Augmenting Trait-Dependent Diversification Estimations with Fossil Evidence: A Case Study Using Osmoregulatory Neurovasculature.

When comparative neuromorphological studies are extended into evolutionary contexts, traits of interest are often linked to diversification patterns. Features demonstrably associated with increases in diversification rates and the infiltration or occupation of novel niche spaces are often termed "key innovations." Within the past decade, phylogenetically informed methods have been developed to test key innovation hypotheses and evaluate the influence these traits have had in shaping modern faunas. This is primarily accomplished by estimating state-dependent speciation and extinction rates. These methods have important caveats and guidelines related to both calculation and interpretation, which are necessary to understand in cases of discrete (qualitative) character analysis, as can be common when studying the evolution of neuromorphology. In such studies, inclusion of additional characters, acknowledgement of character codistribution, and addition of sister clade comparison should be explored to ensure model accuracy. Even so, phylogenies provide a survivor-only examination of character evolution, and paleontological contexts may be necessary to replicate and confirm results. Here, I review these issues in the context of selective brain cooling - a neurovascular-mediated osmoregulatory physiology that dampens hypothalamic responses to heat stress and reduces evaporative water loss in large-bodied mammals.
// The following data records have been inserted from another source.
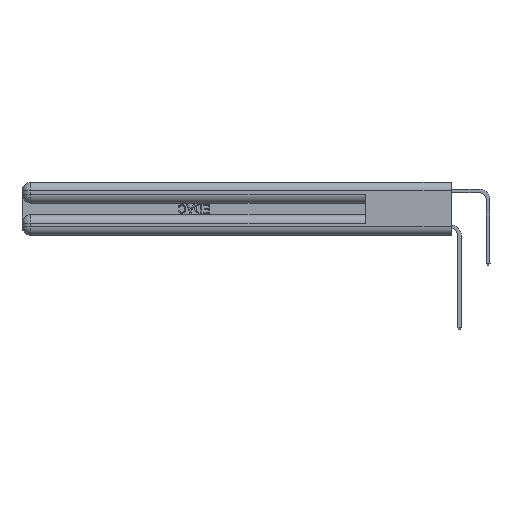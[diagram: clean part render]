
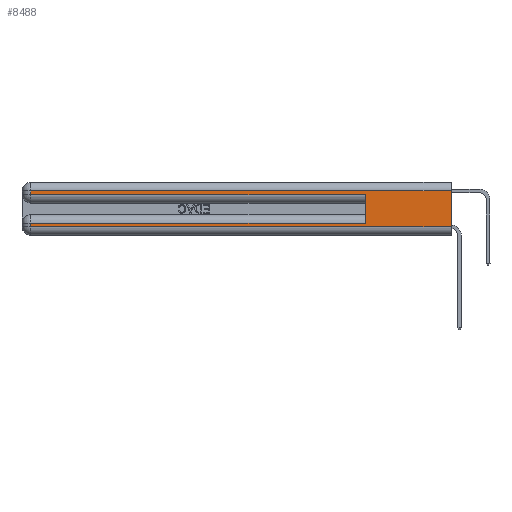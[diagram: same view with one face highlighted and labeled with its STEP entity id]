
A CAD part, left-side view. The second image highlights one B-rep face of the part: STEP entity #8488.
In plain terms, the highlighted planar face has unit normal (-1, 0, 0).
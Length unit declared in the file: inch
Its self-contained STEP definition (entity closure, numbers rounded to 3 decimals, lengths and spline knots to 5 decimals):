
#255 = VERTEX_POINT ( 'NONE', #19216 ) ;
#398 = VERTEX_POINT ( 'NONE', #987 ) ;
#418 = VECTOR ( 'NONE', #8846, 39.37008 ) ;
#609 = CARTESIAN_POINT ( 'NONE',  ( 0., 2.94, 0.37 ) ) ;
#987 = CARTESIAN_POINT ( 'NONE',  ( 0., 0., 0.31 ) ) ;
#1437 = VECTOR ( 'NONE', #2558, 39.37008 ) ;
#1756 = DIRECTION ( 'NONE',  ( 0., -1., 0. ) ) ;
#2117 = VERTEX_POINT ( 'NONE', #18510 ) ;
#2558 = DIRECTION ( 'NONE',  ( 0., 1., 0. ) ) ;
#2981 = CARTESIAN_POINT ( 'NONE',  ( 0., 0., 0.31 ) ) ;
#3688 = CARTESIAN_POINT ( 'NONE',  ( 0., 0.6, 0.145 ) ) ;
#3702 = LINE ( 'NONE', #13914, #30662 ) ;
#5791 = DIRECTION ( 'NONE',  ( 0., 1., 0. ) ) ;
#6666 = ORIENTED_EDGE ( 'NONE', *, *, #28576, .T. ) ;
#6863 = VERTEX_POINT ( 'NONE', #13680 ) ;
#7163 = DIRECTION ( 'NONE',  ( 0., -1., 0. ) ) ;
#8267 = CARTESIAN_POINT ( 'NONE',  ( 0., 2.94, 0.085 ) ) ;
#8488 = ADVANCED_FACE ( 'NONE', ( #11070 ), #15619, .F. ) ;
#8846 = DIRECTION ( 'NONE',  ( 0., 0., 1. ) ) ;
#9176 = EDGE_LOOP ( 'NONE', ( #30610, #23036, #6666, #29739, #29832, #24132, #13291, #29496 ) ) ;
#9451 = LINE ( 'NONE', #17808, #14126 ) ;
#11070 = FACE_OUTER_BOUND ( 'NONE', #9176, .T. ) ;
#11735 = EDGE_CURVE ( 'NONE', #21862, #25967, #16117, .T. ) ;
#11849 = AXIS2_PLACEMENT_3D ( 'NONE', #17914, #20552, #25137 ) ;
#12996 = EDGE_CURVE ( 'NONE', #398, #6863, #9451, .T. ) ;
#13154 = EDGE_CURVE ( 'NONE', #21862, #30995, #18815, .T. ) ;
#13291 = ORIENTED_EDGE ( 'NONE', *, *, #25997, .T. ) ;
#13438 = VECTOR ( 'NONE', #13454, 39.37008 ) ;
#13454 = DIRECTION ( 'NONE',  ( 0., 0., -1. ) ) ;
#13680 = CARTESIAN_POINT ( 'NONE',  ( 0., 0., 0.06 ) ) ;
#13914 = CARTESIAN_POINT ( 'NONE',  ( 0., 0., 0.06 ) ) ;
#14126 = VECTOR ( 'NONE', #28923, 39.37008 ) ;
#14769 = VECTOR ( 'NONE', #15825, 39.37008 ) ;
#15541 = LINE ( 'NONE', #2981, #1437 ) ;
#15619 = PLANE ( 'NONE',  #11849 ) ;
#15633 = VERTEX_POINT ( 'NONE', #31275 ) ;
#15825 = DIRECTION ( 'NONE',  ( 0., 0., -1. ) ) ;
#16117 = LINE ( 'NONE', #23319, #31309 ) ;
#16934 = EDGE_CURVE ( 'NONE', #255, #6863, #3702, .T. ) ;
#17648 = CARTESIAN_POINT ( 'NONE',  ( 0., 0., 0.285 ) ) ;
#17808 = CARTESIAN_POINT ( 'NONE',  ( 0., 0., 0.37 ) ) ;
#17914 = CARTESIAN_POINT ( 'NONE',  ( 0., 0., 0.37 ) ) ;
#18510 = CARTESIAN_POINT ( 'NONE',  ( 0., 2.94, 0.31 ) ) ;
#18815 = LINE ( 'NONE', #3688, #418 ) ;
#19216 = CARTESIAN_POINT ( 'NONE',  ( 0., 2.94, 0.06 ) ) ;
#20552 = DIRECTION ( 'NONE',  ( 1., 0., 0. ) ) ;
#21074 = CARTESIAN_POINT ( 'NONE',  ( 0., 0.6, 0.085 ) ) ;
#21862 = VERTEX_POINT ( 'NONE', #21074 ) ;
#22771 = CARTESIAN_POINT ( 'NONE',  ( 0., 0.6, 0.285 ) ) ;
#23036 = ORIENTED_EDGE ( 'NONE', *, *, #26508, .T. ) ;
#23319 = CARTESIAN_POINT ( 'NONE',  ( 0., 0., 0.085 ) ) ;
#24132 = ORIENTED_EDGE ( 'NONE', *, *, #11735, .T. ) ;
#24653 = EDGE_CURVE ( 'NONE', #15633, #30995, #29664, .T. ) ;
#25137 = DIRECTION ( 'NONE',  ( 0., 0., -1. ) ) ;
#25967 = VERTEX_POINT ( 'NONE', #8267 ) ;
#25997 = EDGE_CURVE ( 'NONE', #25967, #255, #28075, .T. ) ;
#26140 = CARTESIAN_POINT ( 'NONE',  ( 0., 2.94, 0.37 ) ) ;
#26508 = EDGE_CURVE ( 'NONE', #398, #2117, #15541, .T. ) ;
#28075 = LINE ( 'NONE', #609, #14769 ) ;
#28576 = EDGE_CURVE ( 'NONE', #2117, #15633, #31767, .T. ) ;
#28923 = DIRECTION ( 'NONE',  ( 0., 0., -1. ) ) ;
#29496 = ORIENTED_EDGE ( 'NONE', *, *, #16934, .T. ) ;
#29664 = LINE ( 'NONE', #17648, #30434 ) ;
#29739 = ORIENTED_EDGE ( 'NONE', *, *, #24653, .T. ) ;
#29832 = ORIENTED_EDGE ( 'NONE', *, *, #13154, .F. ) ;
#30434 = VECTOR ( 'NONE', #7163, 39.37008 ) ;
#30610 = ORIENTED_EDGE ( 'NONE', *, *, #12996, .F. ) ;
#30662 = VECTOR ( 'NONE', #1756, 39.37008 ) ;
#30995 = VERTEX_POINT ( 'NONE', #22771 ) ;
#31275 = CARTESIAN_POINT ( 'NONE',  ( 0., 2.94, 0.285 ) ) ;
#31309 = VECTOR ( 'NONE', #5791, 39.37008 ) ;
#31767 = LINE ( 'NONE', #26140, #13438 ) ;

This binary character provides an example of the interplay between sample size, evenness, and character codistribution. Moreover, it allows for an opportunity to compare phylogenetically constrained results with paleontological data, augmenting survivor-only analyses with observable extinction patterns. This trait- dependent diversification example indicates that selective brain cooling is significantly associated with the generation of modern large-mammal faunas. Importantly, paleontological data validate phylogenetic patterns and demonstrate how suites of characters worked in concert to establish the large-mammal communities of today.